17. biomechanical analysis
They can record how many tackles an individual made, how much ground was made, how many successful kicks were made, and so on.
The strengths and weaknesses of the opposition can also be evaluated.

18. biomechanical analysis
This type of statistical information is used to evaluate performances, isolate weaknesses and strengths and improve future performances.
When used together, visual recordings and data analysis are valuable coaching tools.
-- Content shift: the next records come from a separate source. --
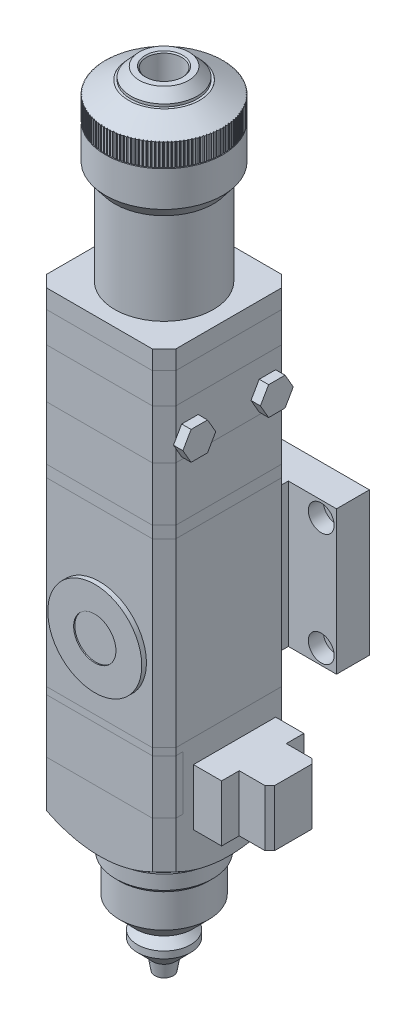
SolidWorks part; units mm, degrees
ref_plane "Front Plane" through (0, 0, 0) normal (0, 0, 1) x (1, 0, 0)
ref_plane "Top Plane" through (0, 0, 0) normal (0, 1, 0) x (1, 0, 0)
ref_plane "Right Plane" through (0, 0, 0) normal (1, 0, 0) x (0, 0, -1)
sketch "Sketch1" plane through (0, 0, 0) normal (0, 1, 0) x (1, 0, 0)
  line L0 (-27.5, 0) -> (27.5, 0) construction
  line L5 (-66.7299, 27.2787) -> (115.2701, 27.2787) construction
  dimension "D1" = 55
sketch "Sketch2" plane through (0, 0, 0) normal (0, 1, 0) x (1, 0, 0)
  line L1 (-27.5, -27.5) -> (27.5, -27.5)
  line L2 (-27.5, -27.5) -> (-27.5, 27.5)
  line L3 (-27.5, 27.5) -> (27.5, 27.5)
  line L4 (27.5, -27.5) -> (27.5, 27.5)
  line L5 (-27.5, -27.5) -> (27.5, 27.5) construction
  line L6 (-27.5, 27.5) -> (27.5, -27.5) construction
  point P0 (0, 0)
  dimension "D1" = 55
sketch "Sketch3" plane through (0, 0, 0) normal (0, 0, 1) x (1, 0, 0)
  line L0 (-51.0962, -28.8167) -> (190.9038, -28.8167) construction
sketch "Sketch33" plane through (0, 0, 0) normal (1, 0, 0) x (0, 0, -1)
  line L0 (-62.9213, -37.0491) -> (115.0787, -37.0491) construction
extrude "Boss-Extrude1" add sketch "Sketch2" against normal blind 8
chamfer "Chamfer1" distance 5 angle 45 4 edges at (27.5, -4, 27.5) (-27.5, -4, -27.5) (-27.5, -4, 27.5) (27.5, -4, -27.5)
sketch "Sketch4" plane through (0, -8, 0) normal (0, -1, 0) x (1, 0, 0)
  line L4 (27.5, -22.5) -> (27.5, 22.5)
  line L5 (22.5, 27.5) -> (-22.5, 27.5)
  line L6 (-27.5, 22.5) -> (-27.5, -22.5)
  line L7 (-22.5, -27.5) -> (22.5, -27.5)
  line L8 (27.5, -22.5) -> (27.5, 22.5)
  line L9 (22.5, 27.5) -> (-22.5, 27.5)
  line L10 (-27.5, 22.5) -> (-27.5, -22.5)
  line L11 (-22.5, -27.5) -> (22.5, -27.5)
  line L16 (-27.5, -22.5) -> (-22.5, -27.5)
  line L17 (-27.5, -22.5) -> (-22.5, -27.5)
  line L18 (22.5, -27.5) -> (27.5, -22.5)
  line L19 (22.5, -27.5) -> (27.5, -22.5)
  line L20 (27.5, 22.5) -> (22.5, 27.5)
  line L21 (27.5, 22.5) -> (22.5, 27.5)
  line L22 (-22.5, 27.5) -> (-27.5, 22.5)
  line L23 (-22.5, 27.5) -> (-27.5, 22.5)
  dimension "D1" = 0
extrude "Boss-Extrude2" add sketch "Sketch4" along normal blind 13 separate body
sketch "Sketch5" plane through (0, -21, 0) normal (0, -1, 0) x (1, 0, 0)
  line L4 (-22.5, -27.5) -> (22.5, -27.5)
  line L5 (27.5, -22.5) -> (27.5, 22.5)
  line L6 (22.5, 27.5) -> (-22.5, 27.5)
  line L7 (-27.5, 22.5) -> (-27.5, -22.5)
  line L8 (-22.5, -27.5) -> (22.5, -27.5)
  line L9 (27.5, -22.5) -> (27.5, 22.5)
  line L10 (22.5, 27.5) -> (-22.5, 27.5)
  line L11 (-27.5, 22.5) -> (-27.5, -22.5)
  line L16 (27.5, 22.5) -> (22.5, 27.5)
  line L17 (27.5, 22.5) -> (22.5, 27.5)
  line L18 (-22.5, 27.5) -> (-27.5, 22.5)
  line L19 (-22.5, 27.5) -> (-27.5, 22.5)
  line L20 (-27.5, -22.5) -> (-22.5, -27.5)
  line L21 (-27.5, -22.5) -> (-22.5, -27.5)
  line L22 (22.5, -27.5) -> (27.5, -22.5)
  line L23 (22.5, -27.5) -> (27.5, -22.5)
  dimension "D1" = 0
extrude "Boss-Extrude3" add sketch "Sketch5" along normal blind 21 separate body
sketch "Sketch6" plane through (0, -42, 0) normal (0, -1, 0) x (1, 0, 0)
  line L4 (-27.5, 22.5) -> (-27.5, -22.5)
  line L5 (-22.5, -27.5) -> (22.5, -27.5)
  line L6 (27.5, -22.5) -> (27.5, 22.5)
  line L7 (22.5, 27.5) -> (-22.5, 27.5)
  line L8 (-27.5, 22.5) -> (-27.5, -22.5)
  line L9 (-22.5, -27.5) -> (22.5, -27.5)
  line L10 (27.5, -22.5) -> (27.5, 22.5)
  line L11 (22.5, 27.5) -> (-22.5, 27.5)
  line L16 (22.5, -27.5) -> (27.5, -22.5)
  line L17 (22.5, -27.5) -> (27.5, -22.5)
  line L18 (27.5, 22.5) -> (22.5, 27.5)
  line L19 (27.5, 22.5) -> (22.5, 27.5)
  line L20 (-22.5, 27.5) -> (-27.5, 22.5)
  line L21 (-22.5, 27.5) -> (-27.5, 22.5)
  line L22 (-27.5, -22.5) -> (-22.5, -27.5)
  line L23 (-27.5, -22.5) -> (-22.5, -27.5)
  dimension "D1" = 0
extrude "Boss-Extrude4" add sketch "Sketch6" along normal blind 23 separate body
sketch "Sketch7" plane through (0, -65, 0) normal (0, -1, 0) x (1, 0, 0)
  line L4 (22.5, 27.5) -> (-22.5, 27.5)
  line L5 (-27.5, 22.5) -> (-27.5, -22.5)
  line L6 (-22.5, -27.5) -> (22.5, -27.5)
  line L7 (27.5, -22.5) -> (27.5, 22.5)
  line L8 (22.5, 27.5) -> (-22.5, 27.5)
  line L9 (-27.5, 22.5) -> (-27.5, -22.5)
  line L10 (-22.5, -27.5) -> (22.5, -27.5)
  line L11 (27.5, -22.5) -> (27.5, 22.5)
  line L16 (-27.5, -22.5) -> (-22.5, -27.5)
  line L17 (-27.5, -22.5) -> (-22.5, -27.5)
  line L18 (22.5, -27.5) -> (27.5, -22.5)
  line L19 (22.5, -27.5) -> (27.5, -22.5)
  line L20 (27.5, 22.5) -> (22.5, 27.5)
  line L21 (27.5, 22.5) -> (22.5, 27.5)
  line L22 (-22.5, 27.5) -> (-27.5, 22.5)
  line L23 (-22.5, 27.5) -> (-27.5, 22.5)
  dimension "D1" = 0
extrude "Boss-Extrude5" add sketch "Sketch7" along normal blind 5 separate body
sketch "Sketch8" plane through (0, -70, 0) normal (0, -1, 0) x (1, 0, 0)
  line L4 (27.5, -22.5) -> (27.5, 22.5)
  line L5 (22.5, 27.5) -> (-22.5, 27.5)
  line L6 (-27.5, 22.5) -> (-27.5, -22.5)
  line L7 (-22.5, -27.5) -> (22.5, -27.5)
  line L8 (27.5, -22.5) -> (27.5, 22.5)
  line L9 (22.5, 27.5) -> (-22.5, 27.5)
  line L10 (-27.5, 22.5) -> (-27.5, -22.5)
  line L11 (-22.5, -27.5) -> (22.5, -27.5)
  line L16 (-22.5, 27.5) -> (-27.5, 22.5)
  line L17 (-22.5, 27.5) -> (-27.5, 22.5)
  line L18 (-27.5, -22.5) -> (-22.5, -27.5)
  line L19 (-27.5, -22.5) -> (-22.5, -27.5)
  line L20 (22.5, -27.5) -> (27.5, -22.5)
  line L21 (22.5, -27.5) -> (27.5, -22.5)
  line L22 (27.5, 22.5) -> (22.5, 27.5)
  line L23 (27.5, 22.5) -> (22.5, 27.5)
  dimension "D1" = 0
extrude "Boss-Extrude6" add sketch "Sketch8" along normal blind 77 separate body
sketch "Sketch9" plane through (0, -147, 0) normal (0, -1, 0) x (1, 0, 0)
  line L4 (-22.5, -27.5) -> (22.5, -27.5)
  line L5 (27.5, -22.5) -> (27.5, 22.5)
  line L6 (22.5, 27.5) -> (-22.5, 27.5)
  line L7 (-27.5, 22.5) -> (-27.5, -22.5)
  line L8 (-22.5, -27.5) -> (22.5, -27.5)
  line L9 (27.5, -22.5) -> (27.5, 22.5)
  line L10 (22.5, 27.5) -> (-22.5, 27.5)
  line L11 (-27.5, 22.5) -> (-27.5, -22.5)
  line L16 (27.5, 22.5) -> (22.5, 27.5)
  line L17 (27.5, 22.5) -> (22.5, 27.5)
  line L18 (-22.5, 27.5) -> (-27.5, 22.5)
  line L19 (-22.5, 27.5) -> (-27.5, 22.5)
  line L20 (-27.5, -22.5) -> (-22.5, -27.5)
  line L21 (-27.5, -22.5) -> (-22.5, -27.5)
  line L22 (22.5, -27.5) -> (27.5, -22.5)
  line L23 (22.5, -27.5) -> (27.5, -22.5)
  dimension "D1" = 0
extrude "Boss-Extrude7" add sketch "Sketch9" along normal blind 10 separate body
sketch "Sketch10" plane through (0, -157, 0) normal (0, -1, 0) x (1, 0, 0)
  line L4 (-27.5, 22.5) -> (-27.5, -22.5)
  line L5 (-22.5, -27.5) -> (22.5, -27.5)
  line L6 (27.5, -22.5) -> (27.5, 22.5)
  line L7 (22.5, 27.5) -> (-22.5, 27.5)
  line L8 (-27.5, 22.5) -> (-27.5, -22.5)
  line L9 (-22.5, -27.5) -> (22.5, -27.5)
  line L10 (27.5, -22.5) -> (27.5, 22.5)
  line L11 (22.5, 27.5) -> (-22.5, 27.5)
  line L16 (22.5, -27.5) -> (27.5, -22.5)
  line L17 (22.5, -27.5) -> (27.5, -22.5)
  line L18 (27.5, 22.5) -> (22.5, 27.5)
  line L19 (27.5, 22.5) -> (22.5, 27.5)
  line L20 (-22.5, 27.5) -> (-27.5, 22.5)
  line L21 (-22.5, 27.5) -> (-27.5, 22.5)
  line L22 (-27.5, -22.5) -> (-22.5, -27.5)
  line L23 (-27.5, -22.5) -> (-22.5, -27.5)
  dimension "D1" = 0
extrude "Boss-Extrude8" add sketch "Sketch10" along normal blind 25 separate body
sketch "Sketch11" plane through (0, -182, 0) normal (0, -1, 0) x (1, 0, 0)
  line L4 (22.5, 27.5) -> (-22.5, 27.5)
  line L5 (-27.5, 22.5) -> (-27.5, -22.5)
  line L6 (-22.5, -27.5) -> (22.5, -27.5)
  line L7 (27.5, -22.5) -> (27.5, 22.5)
  line L8 (22.5, 27.5) -> (-22.5, 27.5)
  line L9 (-27.5, 22.5) -> (-27.5, -22.5)
  line L10 (-22.5, -27.5) -> (22.5, -27.5)
  line L11 (27.5, -22.5) -> (27.5, 22.5)
  line L16 (-27.5, -22.5) -> (-22.5, -27.5)
  line L17 (-27.5, -22.5) -> (-22.5, -27.5)
  line L18 (22.5, -27.5) -> (27.5, -22.5)
  line L19 (22.5, -27.5) -> (27.5, -22.5)
  line L20 (27.5, 22.5) -> (22.5, 27.5)
  line L21 (27.5, 22.5) -> (22.5, 27.5)
  line L22 (-22.5, 27.5) -> (-27.5, 22.5)
  line L23 (-22.5, 27.5) -> (-27.5, 22.5)
  dimension "D1" = 0
extrude "Boss-Extrude9" add sketch "Sketch11" along normal blind 20
sketch "Sketch12" plane through (0, 0, 0) normal (0, 0, 1) x (1, 0, 0)
  line L0 (0, -254) -> (0, -202)
  line L1 (22.5, -202) -> (-22.5, -202) construction
  line L2 (-43, -186) -> (-43, -254)
  line L3 (-43, -254) -> (0, -254)
  line L4 (-20, -202) -> (0, -202)
  arc A1 (-43, -186) -> (-20, -202) centre (7.6658, -137.6991) ccw
  dimension "D1" = 70
  dimension "D2" = 43
  dimension "D3" = 23
  dimension "D4" = 52
  dimension "D5" = 68
revolve "Cut-Revolve1" cut sketch "Sketch12" angle 360 about L0
sketch "Sketch13" plane through (0, 0, 0) normal (0, 0, 1) x (1, 0, 0)
  line L0 (0, -202) -> (0, -254.1474)
  line L1 (-20, -202) -> (20, -202) construction
  line L2 (0, -254.1474) -> (-3.9151, -254.1474)
  line L3 (-3.9151, -254.1474) -> (-4.8686, -248.4385)
  line L4 (-4.8686, -248.4385) -> (-11.3427, -241.864)
  line L5 (-11.3427, -241.864) -> (-11.3427, -238.9532)
  line L6 (-11.3427, -238.9532) -> (-7.5787, -235.9922)
  line L7 (-7.5787, -235.9922) -> (-7.5787, -232.8806)
  line L8 (-7.5787, -232.8806) -> (-12.0955, -232.8806)
  line L9 (-12.0955, -232.8806) -> (-19.049, -225.8194)
  line L10 (-19.049, -225.8194) -> (-19.049, -211.6648)
  line L11 (-19.049, -211.6648) -> (-20.6557, -210.0332)
  line L12 (-20.6557, -210.0332) -> (-20.6557, -204.0238)
  line L13 (-20.6557, -204.0238) -> (-20, -202)
  line L14 (-20, -202) -> (0, -202)
  arc A0 (-27.5, -198.2248) -> (-20, -202) centre (7.6658, -137.6991) ccw construction
  dimension "D1" = 3.9151
  dimension "D2" = 4.8686
  dimension "D3" = 11.3427
  dimension "D4" = 7.5787
  dimension "D5" = 12.0955
  dimension "D6" = 19.049
  dimension "D7" = 20.6557
  dimension "D8" = 52.1474
  dimension "D9" = 2.0238
  dimension "D10" = 8.0332
  dimension "D11" = 9.6648
  dimension "D12" = 23.8194
  dimension "D13" = 33.9922
  dimension "D14" = 36.9532
  dimension "D15" = 39.864
revolve "Revolve1" add sketch "Sketch13" angle 360 about L0
sketch "Sketch14" plane through (0, 0, 0) normal (0, 0, 1) x (1, 0, 0)
  line L0 (0, 0) -> (-20.994, 0)
  line L1 (-27.5, 0) -> (27.5, 0) construction
  line L2 (-20.994, 0) -> (-20.994, 38.9334)
  line L3 (-20.994, 38.9334) -> (-24.972, 44.0621)
  line L4 (-24.972, 44.0621) -> (-24.972, 68.899)
  line L5 (-24.972, 68.899) -> (-15.1506, 74.207)
  line L6 (-15.1506, 74.207) -> (-10.497, 79.2429)
  line L7 (-10.497, 79.2429) -> (0, 79.2429)
  line L8 (0, 79.2429) -> (0, 0)
  dimension "D1" = 79.2429
  dimension "D2" = 20.994
  dimension "D3" = 24.972
  dimension "D4" = 38.9334
  dimension "D5" = 44.0621
  dimension "D6" = 15.1506
  dimension "D7" = 10.497
  dimension "D8" = 74.207
  dimension "D9" = 68.899
revolve "Revolve2" add sketch "Sketch14" angle 360 about L8
ref_plane "Plane1" through (0, 0, -46.9) normal (0, 0, 1) x (1, 0, 0)
sketch "Sketch15" plane through (0, 0, -46.9) normal (0, 0, 1) x (1, 0, 0)
  line L0 (-3.9151, -254.1474) -> (3.9151, -254.1474) construction
  line L1 (-40.5, -80.1474) -> (40.5, -80.1474)
  line L2 (-40.5, -80.1474) -> (-40.5, -141.1474)
  line L3 (-40.5, -141.1474) -> (40.5, -141.1474)
  line L4 (40.5, -80.1474) -> (40.5, -141.1474)
  line L5 (0, -141.1474) -> (0, -254.1474) construction
  dimension "D1" = 81
  dimension "D2" = 61
  dimension "D3" = 113
extrude "Boss-Extrude10" add sketch "Sketch15" along normal blind 14 separate body
sketch "Sketch16" plane through (0, -80.1474, 0) normal (0, 1, 0) x (1, 0, 0)
  line L0 (40.5, 32.9) -> (-40.5, 32.9) construction
  line L1 (-20, 32.9) -> (20, 32.9)
  line L2 (-20, 32.9) -> (-20, 27.5)
  line L3 (-20, 27.5) -> (20, 27.5)
  line L4 (20, 32.9) -> (20, 27.5)
  line L5 (22.5, 27.5) -> (-22.5, 27.5) construction
  line L6 (0, 27.5) -> (0, 46.9) construction
  line L7 (40.5, 46.9) -> (-40.5, 46.9) construction
  dimension "D1" = 40
extrude "Boss-Extrude11" add sketch "Sketch16" against normal up to surface (61 mm away) up to face at (0, -141.1474, -39.9)
hole_wizard "CBORE for M6 Hex Socket Head Cap Screw1" positions "Sketch19" profile "Sketch20" counterbore size "M6" standard "DIN" end condition through all
sketch "Sketch19" plane through (0, 0, -32.9) normal (0, 0, 1) x (1, 0, 0)
  line L1 (-34, -86.7272) -> (34, -86.7272) construction
  line L2 (-34, -86.7272) -> (-34, -134.7272) construction
  line L3 (-34, -134.7272) -> (34, -134.7272) construction
  line L4 (34, -86.7272) -> (34, -134.7272) construction
  line L5 (0, -134.7272) -> (0, -254.1474) construction
  line L6 (-3.9151, -254.1474) -> (3.9151, -254.1474) construction
  point P0 (-34, -86.7272)
  point P2 (-34, -134.7272)
  point P4 (34, -86.7272)
  point P6 (34, -134.7272)
  dimension "D1" = 68
  dimension "D2" = 48
sketch "Sketch20" plane through (-34, -86.7272, -32.9) normal (1, 0, 0) x (0, -1, 0)
  line L0 (0, 0) -> (0, 14)
  line L1 (0, 14) -> (3.2, 14)
  line L3 (3.2, 14) -> (3.2, 6.4)
  line L4 (3.2, 6.4) -> (5.5, 6.4)
  line L5 (5.5, 6.4) -> (5.5, 0)
  line L7 (5.5, 0) -> (0, 0)
  line L11 (0, -6.35) -> (0, 107.95) construction
  dimension "Thru Hole Dia." = 6.4
  dimension "Thru Hole Depth" = 14
  dimension "C'Bore Dia." = 11
  dimension "C'Bore Depth" = 6.4
sketch "Sketch21" plane through (0, 79.2429, 0) normal (0, 1, 0) x (1, 0, 0)
  circle A0 centre (0, 0) radius 7.5
  dimension "D1" = 15
extrude "Cut-Extrude1" cut sketch "Sketch21" against normal blind 64
chamfer "Chamfer2" distance 0.5 angle 45 1 edges at (0, 79.2429, 7.5)
sketch "Sketch22" plane through (0, 79.2429, 0) normal (0, 1, 0) x (1, 0, 0)
  circle A2 centre (0, 0) radius 14.1506
  circle A3 centre (0, 0) radius 15.1506 construction
  circle A4 centre (0, 0) radius 15.1506
  dimension "D1" = 1
extrude "Cut-Extrude2" cut sketch "Sketch22" against normal blind 5.04
sketch "Sketch23" plane through (0, 79.2429, 0) normal (0, 1, 0) x (1, 0, 0)
  line L0 (-0.25, 24.9707) -> (0, 24.672)
  line L1 (0, 24.672) -> (0.25, 24.9707)
  line L2 (0, 24.672) -> (0, 0) construction
  line L3 (0, 24.672) -> (0, 24.972) construction
  circle A0 centre (0, 0) radius 24.972 construction
  arc A1 (0.25, 24.9707) -> (-0.25, 24.9707) centre (0, 0) ccw
  dimension "D1" = 0.3
  dimension "D2" = 0.5
extrude "Cut-Extrude3" cut sketch "Sketch23" against normal blind 20
ref_axis "Axis1" through (0, 15.2429, 0) along (0, 1, 0)
pattern_circular "CirPattern1" count 125 over 360 about axis through (0, 15.2429, 0) along (0, 1, 0) of "Cut-Extrude3"
sketch "Sketch24" plane through (0, 0, 27.5) normal (0, 0, 1) x (1, 0, 0)
  line L0 (0, -117) -> (0, -147) construction
  line L1 (22.5, -147) -> (-22.5, -147) construction
  circle A0 centre (0, -117) radius 20
  dimension "D1" = 40
  dimension "D2" = 30
extrude "Boss-Extrude12" add sketch "Sketch24" along normal blind 2 contours A0
sketch "Sketch25" plane through (0, 0, 29.5) normal (0, 0, 1) x (1, 0, 0)
  circle A0 centre (0, -117) radius 9
  dimension "D1" = 18
extrude "Cut-Extrude4" cut sketch "Sketch25" against normal blind 0.5
sketch "Sketch26" plane through (0, 0, 27.5) normal (0, 0, 1) x (1, 0, 0)
  line L0 (-22.5, -21) -> (-22.5, -8) construction
  line L1 (-22.5, -17.0178) -> (-27.5, -17.0178)
  line L2 (-22.5, -17.0178) -> (-22.5, -32.3892)
  line L3 (-22.5, -32.3892) -> (-27.5, -32.3892)
  line L4 (-27.5, -17.0178) -> (-27.5, -32.3892)
  line L5 (-27.5, -42) -> (-27.5, -21) construction
  line L6 (-27.5, 0) -> (27.5, 0) construction
  dimension "D1" = 17.0178
  dimension "D2" = 15.3714
extrude "Cut-Extrude5" cut sketch "Sketch26" against normal through all
sketch "Sketch27" plane through (0, -32.3892, 0) normal (0, 1, 0) x (1, 0, 0)
  line L4 (-22.5, -27.5) -> (-22.5, 27.5)
  line L5 (-22.5, 27.5) -> (-27.5, 22.5)
  line L6 (-27.5, 22.5) -> (-27.5, -22.5)
  line L7 (-27.5, -22.5) -> (-22.5, -27.5)
  line L8 (-22.5, -27.5) -> (-22.5, 27.5)
  line L9 (-22.5, 27.5) -> (-27.5, 22.5)
  line L10 (-27.5, 22.5) -> (-27.5, -22.5)
  line L11 (-27.5, -22.5) -> (-22.5, -27.5)
  dimension "D1" = 0
extrude "Boss-Extrude13" add sketch "Sketch27" along normal up to surface (15.3714 mm away) separate body up to face at (-25, -17.0178, 0)
sketch "Sketch28" plane through (0, 0, 0) normal (0, 0, 1) x (1, 0, 0)
  line L0 (-27.5, -32.3892) -> (-32, -27.8892)
  line L1 (-32, -27.8892) -> (-32, -10.3892)
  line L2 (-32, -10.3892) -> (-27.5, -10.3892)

19. equipment advances, eg swimsuits, golf ball

20. swimsuits

21. swimsuits
Significant progress has been made in swimsuit development since the 1980s.
It has reached a stage where questions are being asked about the influence of this technology on the athlete’s performance.
Light, thin and extremely close fitting swimsuits were designed in the 1980s to minimise contact area with the water and even repel water.

22. swimsuits
After the 1992 Olympic Games contrasting stripes were printed onto close-fitting swimsuits to generate two currents: one slow, one fast.
When the fast and slow currents interact, vertical vortexes or spirals are formed.
As a result, the speed of water flow increases and stays closer to the body longer.

23. swimsuits
By the 2000 Olympics, swimsuit designers had created a swimsuit that imitated the skin of a shark.
The cut and seams on the suit were designed to cover the whole body without impeding the swimmer.
Body scanning took measurements to design individual suits, which improved streamlining.
The most recent developments have produced widespread calls for the total banning of high tech swimwear.
‘Bodysuits’ have always had performance enhancing qualities.

24. swimsuits
However, the Speedo LZR exponentially increased this and more recently at the 2009 World Championships a new range of suits by Adidas, Arena and Jaked saw an unprecedented 46 world records broken.
These suits are made from a special ultra-lightweight water-repellent material that, through compression, reduces skin vibration and offers low drag friction while improving buoyancy.
Internal stabiliser supports hold the swimmer in the best position in the water and overall the design optimises the shape of the swimmer.

25. swimsuits
Technological advances in these designs have seen the question raised as to the advantage swimmers receive from the suit and even caused many swimmers and coaches to call for restrictions in technological advances.
New rules now restrict body coverage, buoyancy levels and the actual materials used.
Rules will also put a stop to custom suits for individual athletes.

26. golf ball

27. golf ball Golf balls no longer curve as much as they used to.
Players can just swing as hard as they want at the ball and it goes straight at the flag.
Research developed a new golf ball, introduced in the mid-1990s, which achieved the unimaginable: it merged a high-spinning, soft-feeling Balata type of ball (with a rubber-band-wound core) with the low- spinning, long-flying and durable distance ball into a whole new class of product, which allowed distance and control.

28. golf ball
A few years later, the original breakthrough was improved upon by making the urethane outer covers of the balls more durable and thinner and firmer for added distance.
At the same time, advances in rubber systems allowed ball makers to design cores that were more energetic or ‘faster’.
This provided even more distance on shots hit with the longer clubs, while maintaining a soft feel. Further improvements to the core and cover have reduced spin on drives to increase distance and allow greater control.